> SUPPLIED RECORDS:
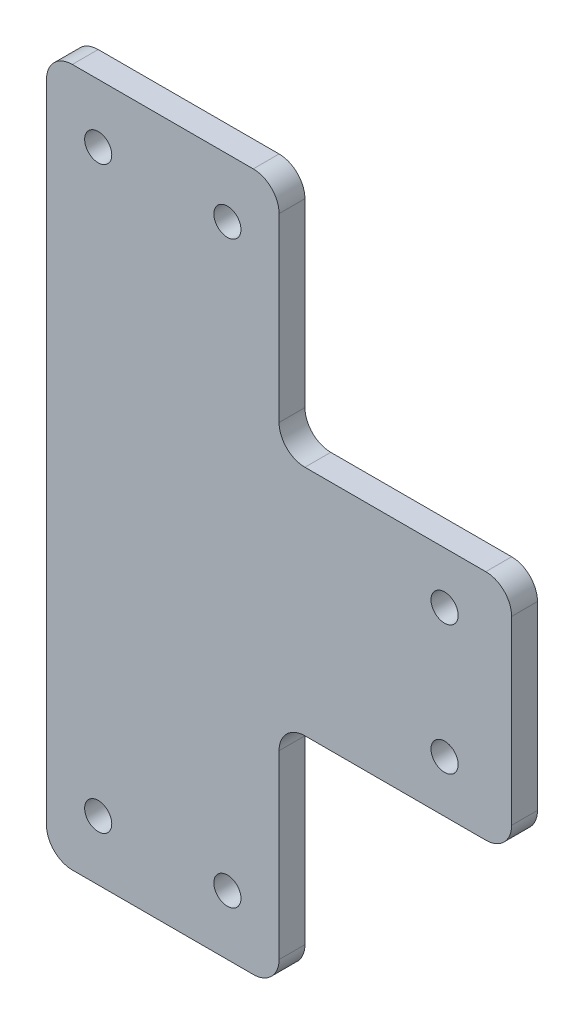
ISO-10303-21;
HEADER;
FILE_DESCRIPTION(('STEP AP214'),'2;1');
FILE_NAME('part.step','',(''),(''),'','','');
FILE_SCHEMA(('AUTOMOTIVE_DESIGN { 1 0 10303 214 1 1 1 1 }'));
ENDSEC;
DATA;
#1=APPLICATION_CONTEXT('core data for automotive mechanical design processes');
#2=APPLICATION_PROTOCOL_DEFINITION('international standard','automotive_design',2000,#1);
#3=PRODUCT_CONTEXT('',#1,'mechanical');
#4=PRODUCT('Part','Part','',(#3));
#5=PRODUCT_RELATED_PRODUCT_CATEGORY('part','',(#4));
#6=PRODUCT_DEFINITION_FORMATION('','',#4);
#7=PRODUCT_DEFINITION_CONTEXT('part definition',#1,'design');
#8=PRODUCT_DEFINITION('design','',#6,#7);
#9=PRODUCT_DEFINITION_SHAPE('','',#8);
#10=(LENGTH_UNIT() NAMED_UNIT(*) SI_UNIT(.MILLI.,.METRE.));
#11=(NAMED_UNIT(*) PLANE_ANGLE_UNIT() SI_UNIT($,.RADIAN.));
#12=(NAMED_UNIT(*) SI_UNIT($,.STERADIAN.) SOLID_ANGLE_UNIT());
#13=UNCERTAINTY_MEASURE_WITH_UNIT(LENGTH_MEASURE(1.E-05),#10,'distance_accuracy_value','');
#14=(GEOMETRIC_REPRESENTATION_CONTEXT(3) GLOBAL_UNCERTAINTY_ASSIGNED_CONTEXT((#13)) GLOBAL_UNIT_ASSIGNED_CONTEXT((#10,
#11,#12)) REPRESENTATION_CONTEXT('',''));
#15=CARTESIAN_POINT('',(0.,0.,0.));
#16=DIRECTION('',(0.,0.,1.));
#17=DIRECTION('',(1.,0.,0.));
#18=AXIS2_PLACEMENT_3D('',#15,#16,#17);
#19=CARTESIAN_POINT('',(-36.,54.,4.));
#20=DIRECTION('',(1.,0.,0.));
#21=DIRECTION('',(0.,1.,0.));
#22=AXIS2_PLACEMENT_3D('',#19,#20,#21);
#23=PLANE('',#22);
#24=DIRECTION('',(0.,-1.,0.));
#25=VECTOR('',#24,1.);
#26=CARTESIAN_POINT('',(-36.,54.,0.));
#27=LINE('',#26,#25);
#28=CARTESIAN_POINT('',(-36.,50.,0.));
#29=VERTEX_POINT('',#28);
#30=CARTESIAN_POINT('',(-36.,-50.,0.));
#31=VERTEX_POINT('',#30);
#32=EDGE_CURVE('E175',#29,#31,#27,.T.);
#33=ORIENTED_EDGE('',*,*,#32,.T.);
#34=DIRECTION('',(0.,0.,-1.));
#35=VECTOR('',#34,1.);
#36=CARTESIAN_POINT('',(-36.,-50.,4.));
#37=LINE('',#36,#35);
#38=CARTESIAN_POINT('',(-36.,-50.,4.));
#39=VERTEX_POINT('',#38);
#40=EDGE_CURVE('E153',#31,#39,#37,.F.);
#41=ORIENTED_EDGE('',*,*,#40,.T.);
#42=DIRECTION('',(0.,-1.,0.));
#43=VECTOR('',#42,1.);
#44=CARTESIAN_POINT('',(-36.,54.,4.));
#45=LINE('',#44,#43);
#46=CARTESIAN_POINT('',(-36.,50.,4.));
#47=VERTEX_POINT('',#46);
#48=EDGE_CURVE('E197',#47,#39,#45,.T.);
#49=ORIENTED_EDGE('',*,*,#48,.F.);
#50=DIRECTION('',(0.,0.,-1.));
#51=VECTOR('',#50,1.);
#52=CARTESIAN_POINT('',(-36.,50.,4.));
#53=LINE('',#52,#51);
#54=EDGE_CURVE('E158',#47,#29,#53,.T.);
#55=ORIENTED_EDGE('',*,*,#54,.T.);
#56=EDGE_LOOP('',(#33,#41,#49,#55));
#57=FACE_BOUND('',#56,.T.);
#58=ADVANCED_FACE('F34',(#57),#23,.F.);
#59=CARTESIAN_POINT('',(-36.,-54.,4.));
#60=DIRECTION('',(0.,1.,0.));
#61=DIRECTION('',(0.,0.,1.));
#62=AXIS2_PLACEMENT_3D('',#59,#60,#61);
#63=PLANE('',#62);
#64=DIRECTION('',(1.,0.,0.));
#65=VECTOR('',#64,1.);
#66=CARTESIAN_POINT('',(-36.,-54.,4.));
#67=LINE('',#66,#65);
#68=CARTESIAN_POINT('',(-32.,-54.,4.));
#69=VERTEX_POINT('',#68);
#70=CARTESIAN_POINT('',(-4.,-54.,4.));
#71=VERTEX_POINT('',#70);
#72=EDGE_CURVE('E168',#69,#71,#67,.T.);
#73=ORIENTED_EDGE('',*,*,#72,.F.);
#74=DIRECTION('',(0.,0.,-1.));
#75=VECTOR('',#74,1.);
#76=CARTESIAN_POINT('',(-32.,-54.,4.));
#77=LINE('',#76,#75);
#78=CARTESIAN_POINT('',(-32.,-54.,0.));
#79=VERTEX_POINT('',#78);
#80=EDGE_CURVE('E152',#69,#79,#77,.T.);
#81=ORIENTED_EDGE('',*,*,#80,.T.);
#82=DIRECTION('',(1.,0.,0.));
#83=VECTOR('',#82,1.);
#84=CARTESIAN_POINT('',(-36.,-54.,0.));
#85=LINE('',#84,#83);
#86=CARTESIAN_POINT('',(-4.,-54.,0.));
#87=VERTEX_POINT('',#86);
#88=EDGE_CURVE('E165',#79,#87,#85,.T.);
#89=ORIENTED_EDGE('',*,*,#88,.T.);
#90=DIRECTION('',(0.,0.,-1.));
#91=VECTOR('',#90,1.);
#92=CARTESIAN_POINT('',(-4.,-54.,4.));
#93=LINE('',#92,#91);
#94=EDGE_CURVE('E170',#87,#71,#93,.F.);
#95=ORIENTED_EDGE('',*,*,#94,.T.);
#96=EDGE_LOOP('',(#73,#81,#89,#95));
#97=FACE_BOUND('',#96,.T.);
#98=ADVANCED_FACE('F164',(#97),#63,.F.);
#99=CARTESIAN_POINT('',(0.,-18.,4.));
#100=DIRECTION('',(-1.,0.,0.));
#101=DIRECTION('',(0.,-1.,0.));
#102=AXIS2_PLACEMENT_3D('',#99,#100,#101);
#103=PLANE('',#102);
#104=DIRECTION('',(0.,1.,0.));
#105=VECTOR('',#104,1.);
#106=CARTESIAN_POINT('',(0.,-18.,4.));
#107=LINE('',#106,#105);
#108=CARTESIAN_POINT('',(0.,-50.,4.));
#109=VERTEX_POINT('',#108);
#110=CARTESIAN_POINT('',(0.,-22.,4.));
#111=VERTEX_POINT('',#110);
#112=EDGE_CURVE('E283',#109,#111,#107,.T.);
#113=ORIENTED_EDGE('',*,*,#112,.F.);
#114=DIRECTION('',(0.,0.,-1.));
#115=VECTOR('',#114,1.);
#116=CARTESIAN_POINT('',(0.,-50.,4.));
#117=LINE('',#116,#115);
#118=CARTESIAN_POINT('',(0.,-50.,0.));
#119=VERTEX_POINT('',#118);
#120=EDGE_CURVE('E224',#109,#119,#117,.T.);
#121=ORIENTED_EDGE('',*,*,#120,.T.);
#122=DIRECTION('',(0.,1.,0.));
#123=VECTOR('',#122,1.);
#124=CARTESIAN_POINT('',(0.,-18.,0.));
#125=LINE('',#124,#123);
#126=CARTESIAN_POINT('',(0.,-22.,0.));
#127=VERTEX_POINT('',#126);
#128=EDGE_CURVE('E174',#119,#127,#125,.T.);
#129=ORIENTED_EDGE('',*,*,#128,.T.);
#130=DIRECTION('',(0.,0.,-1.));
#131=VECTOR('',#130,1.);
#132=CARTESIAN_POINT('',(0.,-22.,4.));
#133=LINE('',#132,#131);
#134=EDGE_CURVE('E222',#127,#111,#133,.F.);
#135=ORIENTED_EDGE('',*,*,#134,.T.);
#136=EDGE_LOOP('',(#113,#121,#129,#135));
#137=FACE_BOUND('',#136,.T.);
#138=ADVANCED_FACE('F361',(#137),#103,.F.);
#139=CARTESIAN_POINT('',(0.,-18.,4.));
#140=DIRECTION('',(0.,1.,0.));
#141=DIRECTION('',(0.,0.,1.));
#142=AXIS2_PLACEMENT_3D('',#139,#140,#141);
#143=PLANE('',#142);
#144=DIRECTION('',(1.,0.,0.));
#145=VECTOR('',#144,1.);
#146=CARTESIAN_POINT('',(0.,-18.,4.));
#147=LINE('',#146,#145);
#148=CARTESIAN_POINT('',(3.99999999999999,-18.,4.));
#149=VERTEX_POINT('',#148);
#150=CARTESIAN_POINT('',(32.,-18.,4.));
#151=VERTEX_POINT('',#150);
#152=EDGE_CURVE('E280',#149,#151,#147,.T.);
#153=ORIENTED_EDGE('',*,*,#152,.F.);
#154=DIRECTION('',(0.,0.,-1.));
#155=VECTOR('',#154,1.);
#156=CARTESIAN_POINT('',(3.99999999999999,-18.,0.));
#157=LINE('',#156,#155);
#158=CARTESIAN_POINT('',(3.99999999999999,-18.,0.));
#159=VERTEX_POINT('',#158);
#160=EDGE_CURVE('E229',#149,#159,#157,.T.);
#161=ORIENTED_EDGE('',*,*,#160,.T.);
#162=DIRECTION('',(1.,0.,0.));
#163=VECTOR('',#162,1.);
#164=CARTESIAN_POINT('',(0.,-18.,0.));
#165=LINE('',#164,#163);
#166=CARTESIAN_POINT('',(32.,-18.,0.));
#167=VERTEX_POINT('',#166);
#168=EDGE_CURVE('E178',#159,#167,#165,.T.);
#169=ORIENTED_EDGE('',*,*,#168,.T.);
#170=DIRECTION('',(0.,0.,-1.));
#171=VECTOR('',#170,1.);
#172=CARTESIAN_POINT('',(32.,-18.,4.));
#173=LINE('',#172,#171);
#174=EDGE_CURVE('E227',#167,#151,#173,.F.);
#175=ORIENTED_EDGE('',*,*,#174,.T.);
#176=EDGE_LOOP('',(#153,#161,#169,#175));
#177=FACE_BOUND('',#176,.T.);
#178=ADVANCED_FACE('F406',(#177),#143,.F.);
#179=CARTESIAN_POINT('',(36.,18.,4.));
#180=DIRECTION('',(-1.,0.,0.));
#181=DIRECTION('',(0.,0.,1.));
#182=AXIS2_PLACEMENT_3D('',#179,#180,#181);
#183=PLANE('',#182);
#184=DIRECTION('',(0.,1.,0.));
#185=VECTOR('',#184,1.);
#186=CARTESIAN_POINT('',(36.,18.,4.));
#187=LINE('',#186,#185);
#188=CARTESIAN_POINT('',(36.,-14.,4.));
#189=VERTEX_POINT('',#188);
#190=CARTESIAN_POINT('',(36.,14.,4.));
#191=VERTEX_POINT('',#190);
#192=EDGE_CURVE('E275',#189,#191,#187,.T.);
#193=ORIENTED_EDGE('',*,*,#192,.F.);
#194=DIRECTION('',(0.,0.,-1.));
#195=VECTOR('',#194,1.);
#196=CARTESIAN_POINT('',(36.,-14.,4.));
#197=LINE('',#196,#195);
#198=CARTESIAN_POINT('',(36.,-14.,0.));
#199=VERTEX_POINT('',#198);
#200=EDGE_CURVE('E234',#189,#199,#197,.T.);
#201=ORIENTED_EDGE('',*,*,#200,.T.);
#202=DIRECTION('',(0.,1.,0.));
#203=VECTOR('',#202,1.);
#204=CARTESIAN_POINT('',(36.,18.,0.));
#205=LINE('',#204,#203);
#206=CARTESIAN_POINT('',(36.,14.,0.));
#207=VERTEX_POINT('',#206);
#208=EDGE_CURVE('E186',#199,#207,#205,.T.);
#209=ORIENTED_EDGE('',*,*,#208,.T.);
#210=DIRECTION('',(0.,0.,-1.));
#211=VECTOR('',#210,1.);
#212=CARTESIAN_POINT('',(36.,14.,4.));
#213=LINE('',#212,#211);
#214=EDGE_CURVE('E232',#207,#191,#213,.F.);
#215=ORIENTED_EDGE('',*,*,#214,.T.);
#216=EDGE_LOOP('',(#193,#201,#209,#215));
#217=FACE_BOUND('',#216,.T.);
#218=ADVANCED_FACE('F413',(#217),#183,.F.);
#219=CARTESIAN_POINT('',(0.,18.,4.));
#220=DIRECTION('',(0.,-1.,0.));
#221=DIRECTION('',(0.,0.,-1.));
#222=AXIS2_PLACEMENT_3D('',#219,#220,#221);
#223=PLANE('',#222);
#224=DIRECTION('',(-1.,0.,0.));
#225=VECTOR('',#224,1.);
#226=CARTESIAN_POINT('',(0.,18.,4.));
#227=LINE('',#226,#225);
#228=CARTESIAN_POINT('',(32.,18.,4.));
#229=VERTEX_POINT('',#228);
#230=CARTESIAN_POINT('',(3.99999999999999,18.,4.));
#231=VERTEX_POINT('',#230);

> TASK BRIEF: What you give back must be the stretch above, starting at the line with "#180=DIRECTION('',(-1.,0.,0.));" and ending at the line with "#194=DIRECTION('',(0.,0.,-1.));", copied exactly.

> REPLY TO THE EXERCISE:
#180=DIRECTION('',(-1.,0.,0.));
#181=DIRECTION('',(0.,0.,1.));
#182=AXIS2_PLACEMENT_3D('',#179,#180,#181);
#183=PLANE('',#182);
#184=DIRECTION('',(0.,1.,0.));
#185=VECTOR('',#184,1.);
#186=CARTESIAN_POINT('',(36.,18.,4.));
#187=LINE('',#186,#185);
#188=CARTESIAN_POINT('',(36.,-14.,4.));
#189=VERTEX_POINT('',#188);
#190=CARTESIAN_POINT('',(36.,14.,4.));
#191=VERTEX_POINT('',#190);
#192=EDGE_CURVE('E275',#189,#191,#187,.T.);
#193=ORIENTED_EDGE('',*,*,#192,.F.);
#194=DIRECTION('',(0.,0.,-1.));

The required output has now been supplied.